ついよ、つい、思い出しちまうのよ。爺さんと一緒に走ってたあの頃のことを。
金もねえし何も無かった。でも何だか生活にハリってもんがあったんだ。
全てが輝いてた。子供達のプレゼントをもらった時のあの笑顔を考えてただけで、何だか力がわいてきたんだ。
もう一度走れねえもんかな、爺さん?

 出典: 空知英秋原作・サンライズ製作「銀魂(アニメ)・第137話『サンタはいないって奴こそ 本当は信じたいのね この天邪鬼さん』」

紹介 :イブのトナカイ 様
HP :

コメント:
 一昨年、銀さんのせいで泥棒と間違われたサンタとベン(トナカイ)はあの後、別れて別の道を歩むことになりました。借金を重ねて衣装はボロボロになりキャバクラで客引きをしているサンタに比べてベンは羽振りが良くなっていました。久しぶりに再会した二人はおでんの屋台で酒を飲みながら(銀さんも加わって)、別れたその後を語りました。サンタのその後を語った後にベンが言った台詞です。
 金があって何でも手に入れることができる生活は本当の幸せなんだろうか? 神崎すみれ(サクラ大戦)のように心が満たされていなければ毎日がつらいだけの日々を過ごすことになるだけだということを実感しました。つい最近逮捕された小室哲哉も羽振りが良かった頃はそうだったかもしれません。

駄弁者:
>金があって何でも手に入れることができる生活は本当の幸せなんだろうか?
 お金持ちがこう言うのを聞くと贅沢ものめと思ってしまい、貧乏人が言うのを聞くと負け惜しみと思ってしまいます。このように心が貧しいと、金のあるなしに関わらず本当の幸せは得られないんですけどね…。
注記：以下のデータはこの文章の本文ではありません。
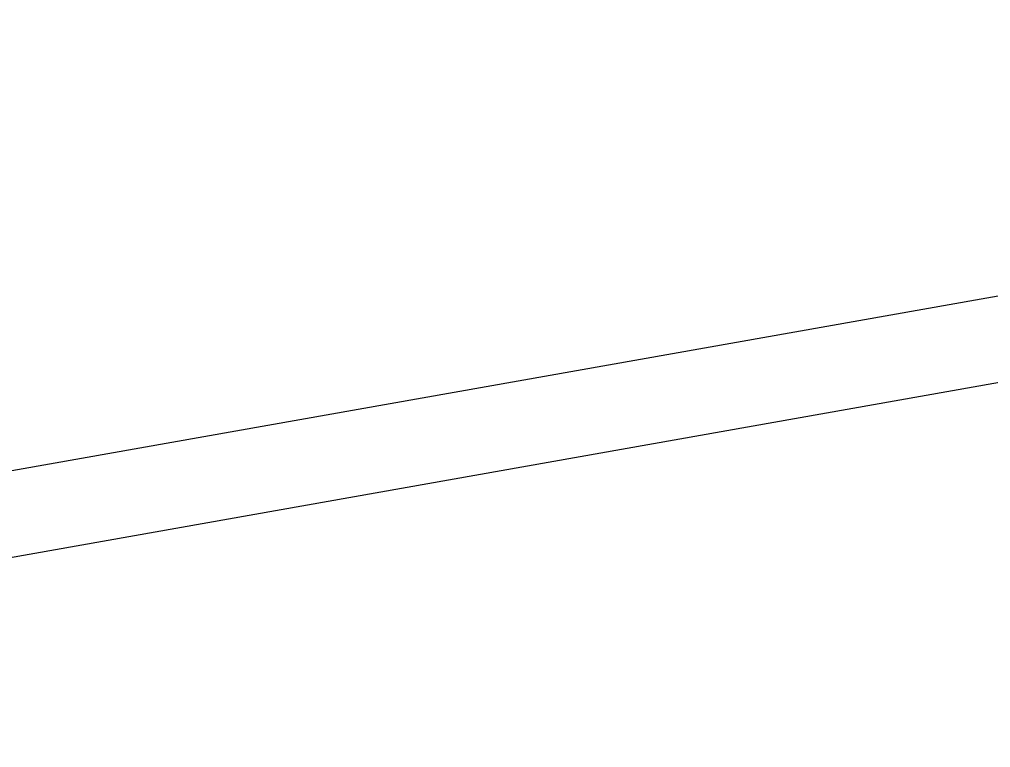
# Model space of a CAD drawing. Header units: millimetres. Extents: x 0 to 627661, y -95767 to 300888.
# Drawn here: x 508946.09 to 508961.38, y 25946.78 to 25958.25 of the extents above; entities that cross this region are included whole.
import ezdxf
from ezdxf.enums import TextEntityAlignment as Align

# ---------------------------------------------------------------- set-up
doc = ezdxf.new("R2018")
doc.units = ezdxf.units.MM
for name, color, linetype, lineweight in [('АР_Маркер экспликации', 239, 'Continuous', 13), ('АР_Номер помещения', 250, 'Continuous', 9), ('АР_Размеры', 175, 'Continuous', 9), ('АР_Сущ Несущая стена', 250, 'Continuous', 50)]:
    doc.layers.add(name, color=color, linetype=linetype, lineweight=lineweight)
doc.layers.add('АР_Названия помещений', color=124, linetype='Continuous', lineweight=5, plot=False)
doc.layers.add('АР_Помещения_площадь', color=19, linetype='Continuous', lineweight=9, plot=False)
doc.styles.add('ISOCPEUR', font='', dxfattribs={"height": 250})
doc.styles.get("Standard").update_dxf_attribs({"font": 'GOST.TTF'})
doc.styles.get('ISOCPEUR').set_extended_font_data('ISOCPEUR', italic=True)

# ---------------------------------------------------------------- blocks, each defined once
blk = doc.blocks.new('*U236')
at = {"color": 7, "style": 'ISOCPEUR', "width": 0.7, "flags": 1}
blk.add_attdef('КАТЕГОРИЯ', (-499.166, -2092.186), '', height=250, dxfattribs=at)
at = {"layer": 'АР_Номер помещения', "color": 7, "style": 'ISOCPEUR', "width": 0.7}
blk.add_attdef('НОМЕР_ПОМЕЩЕНИЯ', text='', height=300, dxfattribs=at).set_placement((-13874.5, 6637.552), align=Align.MIDDLE_CENTER)
at = {"layer": 'АР_Помещения_площадь', "color": 7, "lineweight": 30, "width": 0.7, "flags": 104}
blk.add_attdef('ИМЯ_ПОМЕЩЕНИЯ', text='', height=100, dxfattribs=at).set_placement((157.628, 1217.141), align=Align.MIDDLE_CENTER)
at = {"layer": 'АР_Помещения_площадь', "color": 7, "style": 'ISOCPEUR', "width": 0.7}
blk.add_attdef('ПЛОЩАДЬ_ПОМЕЩЕНИЯ', text='', height=200, dxfattribs=at).set_placement((-12654.582, 407.672), align=Align.MIDDLE_RIGHT)
blk = doc.blocks.new('*U234')
at = {"color": 7, "style": 'ISOCPEUR', "width": 0.7, "flags": 1}
blk.add_attdef('КАТЕГОРИЯ', (-499.166, -2092.186), '', height=250, dxfattribs=at)
at = {"layer": 'АР_Номер помещения', "color": 7, "style": 'ISOCPEUR', "width": 0.7}
blk.add_attdef('НОМЕР_ПОМЕЩЕНИЯ', text='', height=300, dxfattribs=at).set_placement((-17424.901, 1870.773), align=Align.MIDDLE_CENTER)
at = {"layer": 'АР_Помещения_площадь', "color": 7, "lineweight": 30, "width": 0.7, "flags": 104}
blk.add_attdef('ИМЯ_ПОМЕЩЕНИЯ', text='', height=100, dxfattribs=at).set_placement((157.628, 1217.141), align=Align.MIDDLE_CENTER)
at = {"layer": 'АР_Помещения_площадь', "color": 7, "style": 'ISOCPEUR', "width": 0.7}
blk.add_attdef('ПЛОЩАДЬ_ПОМЕЩЕНИЯ', text='', height=200, dxfattribs=at).set_placement((-12452.811, 399.356), align=Align.MIDDLE_RIGHT)

msp = doc.modelspace()

# ---------------------------------------------------------------- linework, layer by layer
at = {"layer": 'АР_Размеры', "color": 5, "lineweight": 9, "ltscale": 100, "transparency": 33554687}
msp.add_lwpolyline([(508989.245, 25958.815), (508929.36, 25948.201), (508929.077, 25948.398), (508928.886, 25949.479), (508929.062, 25949.881), (508931.463, 25950.307), (508931.661, 25950.59), (508931.533, 25951.31), (508931.229, 25951.628), (508928.828, 25951.202), (508928.545, 25951.399), (508927.588, 25956.802), (508928.336, 25958.173), (508928.307, 25959.034), (508926.073, 25961.858), (508925.395, 25961.49), (508927.757, 25948.164), (508929.474, 25946.859), (508989.599, 25957.515)], dxfattribs=at)
msp.add_lwpolyline([(508989.245, 25958.815), (508929.36, 25948.201), (508929.077, 25948.398), (508928.886, 25949.479), (508929.062, 25949.881), (508931.463, 25950.307), (508931.661, 25950.59), (508931.533, 25951.31), (508931.229, 25951.628), (508928.828, 25951.202), (508928.545, 25951.399), (508927.588, 25956.802), (508928.336, 25958.173), (508928.307, 25959.034), (508926.073, 25961.858), (508925.395, 25961.49), (508927.757, 25948.164), (508929.474, 25946.859), (508989.599, 25957.515)], dxfattribs=at)
msp.add_lwpolyline([(508989.245, 25958.815), (508929.36, 25948.201), (508929.077, 25948.398), (508928.886, 25949.479), (508929.062, 25949.881), (508931.463, 25950.307), (508931.661, 25950.59), (508931.533, 25951.31), (508931.229, 25951.628), (508928.828, 25951.202), (508928.545, 25951.399), (508927.588, 25956.802), (508928.336, 25958.173), (508928.307, 25959.034), (508926.073, 25961.858), (508925.395, 25961.49), (508927.757, 25948.164), (508929.474, 25946.859), (508989.599, 25957.515)], dxfattribs=at)
msp.add_lwpolyline([(508989.245, 25958.815), (508929.36, 25948.201), (508929.077, 25948.398), (508928.886, 25949.479), (508929.062, 25949.881), (508931.463, 25950.307), (508931.661, 25950.59), (508931.533, 25951.31), (508931.229, 25951.628), (508928.828, 25951.202), (508928.545, 25951.399), (508927.588, 25956.802), (508928.336, 25958.173), (508928.307, 25959.034), (508926.073, 25961.858), (508925.395, 25961.49), (508927.757, 25948.164), (508929.474, 25946.859), (508989.599, 25957.515)], dxfattribs=at)
msp.add_lwpolyline([(508989.245, 25958.815), (508929.36, 25948.201), (508929.077, 25948.398), (508928.886, 25949.479), (508929.062, 25949.881), (508931.463, 25950.307), (508931.661, 25950.59), (508931.533, 25951.31), (508931.229, 25951.628), (508928.828, 25951.202), (508928.545, 25951.399), (508927.588, 25956.802), (508928.336, 25958.173), (508928.307, 25959.034), (508926.073, 25961.858), (508925.395, 25961.49), (508927.757, 25948.164), (508929.474, 25946.859), (508989.599, 25957.515)], dxfattribs=at)
msp.add_lwpolyline([(508989.245, 25958.815), (508929.36, 25948.201), (508929.077, 25948.398), (508928.886, 25949.479), (508929.062, 25949.881), (508931.463, 25950.307), (508931.661, 25950.59), (508931.533, 25951.31), (508931.229, 25951.628), (508928.828, 25951.202), (508928.545, 25951.399), (508927.588, 25956.802), (508928.336, 25958.173), (508928.307, 25959.034), (508926.073, 25961.858), (508925.395, 25961.49), (508927.757, 25948.164), (508929.474, 25946.859), (508989.599, 25957.515)], dxfattribs=at)
msp.add_lwpolyline([(508989.245, 25958.815), (508929.36, 25948.201), (508929.077, 25948.398), (508928.886, 25949.479), (508929.062, 25949.881), (508931.463, 25950.307), (508931.661, 25950.59), (508931.533, 25951.31), (508931.229, 25951.628), (508928.828, 25951.202), (508928.545, 25951.399), (508927.588, 25956.802), (508928.336, 25958.173), (508928.307, 25959.034), (508926.073, 25961.858), (508925.395, 25961.49), (508927.757, 25948.164), (508929.474, 25946.859), (508989.599, 25957.515)], dxfattribs=at)
msp.add_lwpolyline([(508989.245, 25958.815), (508929.36, 25948.201), (508929.077, 25948.398), (508928.886, 25949.479), (508929.062, 25949.881), (508931.463, 25950.307), (508931.661, 25950.59), (508931.533, 25951.31), (508931.229, 25951.628), (508928.828, 25951.202), (508928.545, 25951.399), (508927.588, 25956.802), (508928.336, 25958.173), (508928.307, 25959.034), (508926.073, 25961.858), (508925.395, 25961.49), (508927.757, 25948.164), (508929.474, 25946.859), (508989.599, 25957.515)], dxfattribs=at)
msp.add_lwpolyline([(508989.245, 25958.815), (508929.36, 25948.201), (508929.077, 25948.398), (508928.886, 25949.479), (508929.062, 25949.881), (508931.463, 25950.307), (508931.661, 25950.59), (508931.533, 25951.31), (508931.229, 25951.628), (508928.828, 25951.202), (508928.545, 25951.399), (508927.588, 25956.802), (508928.336, 25958.173), (508928.307, 25959.034), (508926.073, 25961.858), (508925.395, 25961.49), (508927.757, 25948.164), (508929.474, 25946.859), (508989.599, 25957.515)], dxfattribs=at)
msp.add_lwpolyline([(508989.245, 25958.815), (508929.36, 25948.201), (508929.077, 25948.398), (508928.886, 25949.479), (508929.062, 25949.881), (508931.463, 25950.307), (508931.661, 25950.59), (508931.533, 25951.31), (508931.229, 25951.628), (508928.828, 25951.202), (508928.545, 25951.399), (508927.588, 25956.802), (508928.336, 25958.173), (508928.307, 25959.034), (508926.073, 25961.858), (508925.395, 25961.49), (508927.757, 25948.164), (508929.474, 25946.859), (508989.599, 25957.515)], dxfattribs=at)
msp.add_lwpolyline([(508989.245, 25958.815), (508929.36, 25948.201), (508929.077, 25948.398), (508928.886, 25949.479), (508929.062, 25949.881), (508931.463, 25950.307), (508931.661, 25950.59), (508931.533, 25951.31), (508931.229, 25951.628), (508928.828, 25951.202), (508928.545, 25951.399), (508927.588, 25956.802), (508928.336, 25958.173), (508928.307, 25959.034), (508926.073, 25961.858), (508925.395, 25961.49), (508927.757, 25948.164), (508929.474, 25946.859), (508989.599, 25957.515)], dxfattribs=at)
msp.add_lwpolyline([(508989.245, 25958.815), (508929.36, 25948.201), (508929.077, 25948.398), (508928.886, 25949.479), (508929.062, 25949.881), (508931.463, 25950.307), (508931.661, 25950.59), (508931.533, 25951.31), (508931.229, 25951.628), (508928.828, 25951.202), (508928.545, 25951.399), (508927.588, 25956.802), (508928.336, 25958.173), (508928.307, 25959.034), (508926.073, 25961.858), (508925.395, 25961.49), (508927.757, 25948.164), (508929.474, 25946.859), (508989.599, 25957.515)], dxfattribs=at)
msp.add_lwpolyline([(508989.245, 25958.815), (508929.36, 25948.201), (508929.077, 25948.398), (508928.886, 25949.479), (508929.062, 25949.881), (508931.463, 25950.307), (508931.661, 25950.59), (508931.533, 25951.31), (508931.229, 25951.628), (508928.828, 25951.202), (508928.545, 25951.399), (508927.588, 25956.802), (508928.336, 25958.173), (508928.307, 25959.034), (508926.073, 25961.858), (508925.395, 25961.49), (508927.757, 25948.164), (508929.474, 25946.859), (508989.599, 25957.515)], dxfattribs=at)
msp.add_lwpolyline([(508989.245, 25958.815), (508929.36, 25948.201), (508929.077, 25948.398), (508928.886, 25949.479), (508929.062, 25949.881), (508931.463, 25950.307), (508931.661, 25950.59), (508931.533, 25951.31), (508931.229, 25951.628), (508928.828, 25951.202), (508928.545, 25951.399), (508927.588, 25956.802), (508928.336, 25958.173), (508928.307, 25959.034), (508926.073, 25961.858), (508925.395, 25961.49), (508927.757, 25948.164), (508929.474, 25946.859), (508989.599, 25957.515)], dxfattribs=at)
msp.add_lwpolyline([(508989.245, 25958.815), (508929.36, 25948.201), (508929.077, 25948.398), (508928.886, 25949.479), (508929.062, 25949.881), (508931.463, 25950.307), (508931.661, 25950.59), (508931.533, 25951.31), (508931.229, 25951.628), (508928.828, 25951.202), (508928.545, 25951.399), (508927.588, 25956.802), (508928.336, 25958.173), (508928.307, 25959.034), (508926.073, 25961.858), (508925.395, 25961.49), (508927.757, 25948.164), (508929.474, 25946.859), (508989.599, 25957.515)], dxfattribs=at)
msp.add_lwpolyline([(508989.245, 25958.815), (508929.36, 25948.201), (508929.077, 25948.398), (508928.886, 25949.479), (508929.062, 25949.881), (508931.463, 25950.307), (508931.661, 25950.59), (508931.533, 25951.31), (508931.229, 25951.628), (508928.828, 25951.202), (508928.545, 25951.399), (508927.588, 25956.802), (508928.336, 25958.173), (508928.307, 25959.034), (508926.073, 25961.858), (508925.395, 25961.49), (508927.757, 25948.164), (508929.474, 25946.859), (508989.599, 25957.515)], dxfattribs=at)
msp.add_lwpolyline([(508989.245, 25958.815), (508929.36, 25948.201), (508929.077, 25948.398), (508928.886, 25949.479), (508929.062, 25949.881), (508931.463, 25950.307), (508931.661, 25950.59), (508931.533, 25951.31), (508931.229, 25951.628), (508928.828, 25951.202), (508928.545, 25951.399), (508927.588, 25956.802), (508928.336, 25958.173), (508928.307, 25959.034), (508926.073, 25961.858), (508925.395, 25961.49), (508927.757, 25948.164), (508929.474, 25946.859), (508989.599, 25957.515)], dxfattribs=at)
msp.add_lwpolyline([(508989.245, 25958.815), (508929.36, 25948.201), (508929.077, 25948.398), (508928.886, 25949.479), (508929.062, 25949.881), (508931.463, 25950.307), (508931.661, 25950.59), (508931.533, 25951.31), (508931.229, 25951.628), (508928.828, 25951.202), (508928.545, 25951.399), (508927.588, 25956.802), (508928.336, 25958.173), (508928.307, 25959.034), (508926.073, 25961.858), (508925.395, 25961.49), (508927.757, 25948.164), (508929.474, 25946.859), (508989.599, 25957.515)], dxfattribs=at)
msp.add_lwpolyline([(508989.245, 25958.815), (508929.36, 25948.201), (508929.077, 25948.398), (508928.886, 25949.479), (508929.062, 25949.881), (508931.463, 25950.307), (508931.661, 25950.59), (508931.533, 25951.31), (508931.229, 25951.628), (508928.828, 25951.202), (508928.545, 25951.399), (508927.588, 25956.802), (508928.336, 25958.173), (508928.307, 25959.034), (508926.073, 25961.858), (508925.395, 25961.49), (508927.757, 25948.164), (508929.474, 25946.859), (508989.599, 25957.515)], dxfattribs=at)
msp.add_lwpolyline([(508989.245, 25958.815), (508929.36, 25948.201), (508929.077, 25948.398), (508928.886, 25949.479), (508929.062, 25949.881), (508931.463, 25950.307), (508931.661, 25950.59), (508931.533, 25951.31), (508931.229, 25951.628), (508928.828, 25951.202), (508928.545, 25951.399), (508927.588, 25956.802), (508928.336, 25958.173), (508928.307, 25959.034), (508926.073, 25961.858), (508925.395, 25961.49), (508927.757, 25948.164), (508929.474, 25946.859), (508989.599, 25957.515)], dxfattribs=at)
msp.add_lwpolyline([(508989.245, 25958.815), (508929.36, 25948.201), (508929.077, 25948.398), (508928.886, 25949.479), (508929.062, 25949.881), (508931.463, 25950.307), (508931.661, 25950.59), (508931.533, 25951.31), (508931.229, 25951.628), (508928.828, 25951.202), (508928.545, 25951.399), (508927.588, 25956.802), (508928.336, 25958.173), (508928.307, 25959.034), (508926.073, 25961.858), (508925.395, 25961.49), (508927.757, 25948.164), (508929.474, 25946.859), (508989.599, 25957.515)], dxfattribs=at)
msp.add_lwpolyline([(508989.245, 25958.815), (508929.36, 25948.201), (508929.077, 25948.398), (508928.886, 25949.479), (508929.062, 25949.881), (508931.463, 25950.307), (508931.661, 25950.59), (508931.533, 25951.31), (508931.229, 25951.628), (508928.828, 25951.202), (508928.545, 25951.399), (508927.588, 25956.802), (508928.336, 25958.173), (508928.307, 25959.034), (508926.073, 25961.858), (508925.395, 25961.49), (508927.757, 25948.164), (508929.474, 25946.859), (508989.599, 25957.515)], dxfattribs=at)
msp.add_lwpolyline([(508989.245, 25958.815), (508929.36, 25948.201), (508929.077, 25948.398), (508928.886, 25949.479), (508929.062, 25949.881), (508931.463, 25950.307), (508931.661, 25950.59), (508931.533, 25951.31), (508931.229, 25951.628), (508928.828, 25951.202), (508928.545, 25951.399), (508927.588, 25956.802), (508928.336, 25958.173), (508928.307, 25959.034), (508926.073, 25961.858), (508925.395, 25961.49), (508927.757, 25948.164), (508929.474, 25946.859), (508989.599, 25957.515)], dxfattribs=at)
msp.add_lwpolyline([(508989.245, 25958.815), (508929.36, 25948.201), (508929.077, 25948.398), (508928.886, 25949.479), (508929.062, 25949.881), (508931.463, 25950.307), (508931.661, 25950.59), (508931.533, 25951.31), (508931.229, 25951.628), (508928.828, 25951.202), (508928.545, 25951.399), (508927.588, 25956.802), (508928.336, 25958.173), (508928.307, 25959.034), (508926.073, 25961.858), (508925.395, 25961.49), (508927.757, 25948.164), (508929.474, 25946.859), (508989.599, 25957.515)], dxfattribs=at)
msp.add_lwpolyline([(508989.245, 25958.815), (508929.36, 25948.201), (508929.077, 25948.398), (508928.886, 25949.479), (508929.062, 25949.881), (508931.463, 25950.307), (508931.661, 25950.59), (508931.533, 25951.31), (508931.229, 25951.628), (508928.828, 25951.202), (508928.545, 25951.399), (508927.588, 25956.802), (508928.336, 25958.173), (508928.307, 25959.034), (508926.073, 25961.858), (508925.395, 25961.49), (508927.757, 25948.164), (508929.474, 25946.859), (508989.599, 25957.515)], dxfattribs=at)
msp.add_lwpolyline([(508989.245, 25958.815), (508929.36, 25948.201), (508929.077, 25948.398), (508928.886, 25949.479), (508929.062, 25949.881), (508931.463, 25950.307), (508931.661, 25950.59), (508931.533, 25951.31), (508931.229, 25951.628), (508928.828, 25951.202), (508928.545, 25951.399), (508927.588, 25956.802), (508928.336, 25958.173), (508928.307, 25959.034), (508926.073, 25961.858), (508925.395, 25961.49), (508927.757, 25948.164), (508929.474, 25946.859), (508989.599, 25957.515)], dxfattribs=at)
msp.add_lwpolyline([(508989.245, 25958.815), (508929.36, 25948.201), (508929.077, 25948.398), (508928.886, 25949.479), (508929.062, 25949.881), (508931.463, 25950.307), (508931.661, 25950.59), (508931.533, 25951.31), (508931.229, 25951.628), (508928.828, 25951.202), (508928.545, 25951.399), (508927.588, 25956.802), (508928.336, 25958.173), (508928.307, 25959.034), (508926.073, 25961.858), (508925.395, 25961.49), (508927.757, 25948.164), (508929.474, 25946.859), (508989.599, 25957.515)], dxfattribs=at)
msp.add_lwpolyline([(508989.245, 25958.815), (508929.36, 25948.201), (508929.077, 25948.398), (508928.886, 25949.479), (508929.062, 25949.881), (508931.463, 25950.307), (508931.661, 25950.59), (508931.533, 25951.31), (508931.229, 25951.628), (508928.828, 25951.202), (508928.545, 25951.399), (508927.588, 25956.802), (508928.336, 25958.173), (508928.307, 25959.034), (508926.073, 25961.858), (508925.395, 25961.49), (508927.757, 25948.164), (508929.474, 25946.859), (508989.599, 25957.515)], dxfattribs=at)
msp.add_lwpolyline([(508989.245, 25958.815), (508929.36, 25948.201), (508929.077, 25948.398), (508928.886, 25949.479), (508929.062, 25949.881), (508931.463, 25950.307), (508931.661, 25950.59), (508931.533, 25951.31), (508931.229, 25951.628), (508928.828, 25951.202), (508928.545, 25951.399), (508927.588, 25956.802), (508928.336, 25958.173), (508928.307, 25959.034), (508926.073, 25961.858), (508925.395, 25961.49), (508927.757, 25948.164), (508929.474, 25946.859), (508989.599, 25957.515)], dxfattribs=at)
msp.add_lwpolyline([(508989.245, 25958.815), (508929.36, 25948.201), (508929.077, 25948.398), (508928.886, 25949.479), (508929.062, 25949.881), (508931.463, 25950.307), (508931.661, 25950.59), (508931.533, 25951.31), (508931.229, 25951.628), (508928.828, 25951.202), (508928.545, 25951.399), (508927.588, 25956.802), (508928.336, 25958.173), (508928.307, 25959.034), (508926.073, 25961.858), (508925.395, 25961.49), (508927.757, 25948.164), (508929.474, 25946.859), (508989.599, 25957.515)], dxfattribs=at)
msp.add_lwpolyline([(508989.245, 25958.815), (508929.36, 25948.201), (508929.077, 25948.398), (508928.886, 25949.479), (508929.062, 25949.881), (508931.463, 25950.307), (508931.661, 25950.59), (508931.533, 25951.31), (508931.229, 25951.628), (508928.828, 25951.202), (508928.545, 25951.399), (508927.588, 25956.802), (508928.336, 25958.173), (508928.307, 25959.034), (508926.073, 25961.858), (508925.395, 25961.49), (508927.757, 25948.164), (508929.474, 25946.859), (508989.599, 25957.515)], dxfattribs=at)
msp.add_lwpolyline([(508989.245, 25958.815), (508929.36, 25948.201), (508929.077, 25948.398), (508928.886, 25949.479), (508929.062, 25949.881), (508931.463, 25950.307), (508931.661, 25950.59), (508931.533, 25951.31), (508931.229, 25951.628), (508928.828, 25951.202), (508928.545, 25951.399), (508927.588, 25956.802), (508928.336, 25958.173), (508928.307, 25959.034), (508926.073, 25961.858), (508925.395, 25961.49), (508927.757, 25948.164), (508929.474, 25946.859), (508989.599, 25957.515)], dxfattribs=at)
msp.add_lwpolyline([(508989.245, 25958.815), (508929.36, 25948.201), (508929.077, 25948.398), (508928.886, 25949.479), (508929.062, 25949.881), (508931.463, 25950.307), (508931.661, 25950.59), (508931.533, 25951.31), (508931.229, 25951.628), (508928.828, 25951.202), (508928.545, 25951.399), (508927.588, 25956.802), (508928.336, 25958.173), (508928.307, 25959.034), (508926.073, 25961.858), (508925.395, 25961.49), (508927.757, 25948.164), (508929.474, 25946.859), (508989.599, 25957.515)], dxfattribs=at)
msp.add_lwpolyline([(508989.245, 25958.815), (508929.36, 25948.201), (508929.077, 25948.398), (508928.886, 25949.479), (508929.062, 25949.881), (508931.463, 25950.307), (508931.661, 25950.59), (508931.533, 25951.31), (508931.229, 25951.628), (508928.828, 25951.202), (508928.545, 25951.399), (508927.588, 25956.802), (508928.336, 25958.173), (508928.307, 25959.034), (508926.073, 25961.858), (508925.395, 25961.49), (508927.757, 25948.164), (508929.474, 25946.859), (508989.599, 25957.515)], dxfattribs=at)
msp.add_lwpolyline([(508989.245, 25958.815), (508929.36, 25948.201), (508929.077, 25948.398), (508928.886, 25949.479), (508929.062, 25949.881), (508931.463, 25950.307), (508931.661, 25950.59), (508931.533, 25951.31), (508931.229, 25951.628), (508928.828, 25951.202), (508928.545, 25951.399), (508927.588, 25956.802), (508928.336, 25958.173), (508928.307, 25959.034), (508926.073, 25961.858), (508925.395, 25961.49), (508927.757, 25948.164), (508929.474, 25946.859), (508989.599, 25957.515)], dxfattribs=at)
msp.add_lwpolyline([(508989.245, 25958.815), (508929.36, 25948.201), (508929.077, 25948.398), (508928.886, 25949.479), (508929.062, 25949.881), (508931.463, 25950.307), (508931.661, 25950.59), (508931.533, 25951.31), (508931.229, 25951.628), (508928.828, 25951.202), (508928.545, 25951.399), (508927.588, 25956.802), (508928.336, 25958.173), (508928.307, 25959.034), (508926.073, 25961.858), (508925.395, 25961.49), (508927.757, 25948.164), (508929.474, 25946.859), (508989.599, 25957.515)], dxfattribs=at)
msp.add_lwpolyline([(508989.245, 25958.815), (508929.36, 25948.201), (508929.077, 25948.398), (508928.886, 25949.479), (508929.062, 25949.881), (508931.463, 25950.307), (508931.661, 25950.59), (508931.533, 25951.31), (508931.229, 25951.628), (508928.828, 25951.202), (508928.545, 25951.399), (508927.588, 25956.802), (508928.336, 25958.173), (508928.307, 25959.034), (508926.073, 25961.858), (508925.395, 25961.49), (508927.757, 25948.164), (508929.474, 25946.859), (508989.599, 25957.515)], dxfattribs=at)
msp.add_lwpolyline([(508989.245, 25958.815), (508929.36, 25948.201), (508929.077, 25948.398), (508928.886, 25949.479), (508929.062, 25949.881), (508931.463, 25950.307), (508931.661, 25950.59), (508931.533, 25951.31), (508931.229, 25951.628), (508928.828, 25951.202), (508928.545, 25951.399), (508927.588, 25956.802), (508928.336, 25958.173), (508928.307, 25959.034), (508926.073, 25961.858), (508925.395, 25961.49), (508927.757, 25948.164), (508929.474, 25946.859), (508989.599, 25957.515)], dxfattribs=at)
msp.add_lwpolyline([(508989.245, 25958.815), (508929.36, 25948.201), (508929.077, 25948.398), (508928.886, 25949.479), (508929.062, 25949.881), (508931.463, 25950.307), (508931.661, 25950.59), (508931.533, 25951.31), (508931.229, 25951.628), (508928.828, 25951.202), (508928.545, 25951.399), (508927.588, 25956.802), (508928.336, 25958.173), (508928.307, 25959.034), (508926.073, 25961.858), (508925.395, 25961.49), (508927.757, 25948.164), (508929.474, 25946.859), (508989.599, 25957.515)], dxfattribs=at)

Because he’s the hero Gotham deserves, but not the one it needs right now.
So we’ll hunt him.
Because he can take it.
Because he’s not a hero.
He’s a silent guardian.
A watchful protector.
A DARK KNIGHT.

 出典: クリストファー・ノーラン監督「ダークナイト」

紹介 :神凪御子 様
HP :

コメント:
 2008年度希に見る高評価を得たバットマンシリーズ最新作より。
 バットマンの設定を下地にした暗く重厚な物語が展開され、“正義を行うということは一体何なのか?”と言う命題を叩きつけてきます。
 ネタバレは避けますがラスト、バットマンはゴッサムに灯った希望の灯を消さないため、理解者であるゴードン警部と共に“ある決断”をします。
警察に追われ一人闇に消えていくバットマンに向かい、
警部の息子が「悪くないのになぜ追われるの?」と問い、それに対する警部の答えが投稿の台詞。字幕ではこうでした。
彼はゴッサムにとって必要な人だ しかし今は時が違う
だから追う
だが彼は強い
彼はヒーローではない
沈黙の守護者
我々を見守る監視者
闇の騎士(ダークナイト)だ
 闇の中を歩みながらも高潔な心を持とうとするバットマンはヒーローにふさわしいと思います。

駄弁者:
 これまでのバットマンの映画化で、一番評価が高いものだったのではないでしょうか。
 ジョーカーの怪演が話題に上ることが多かったように記憶していますが、それも含めて重厚なテーマとストーリーが魅力ですね。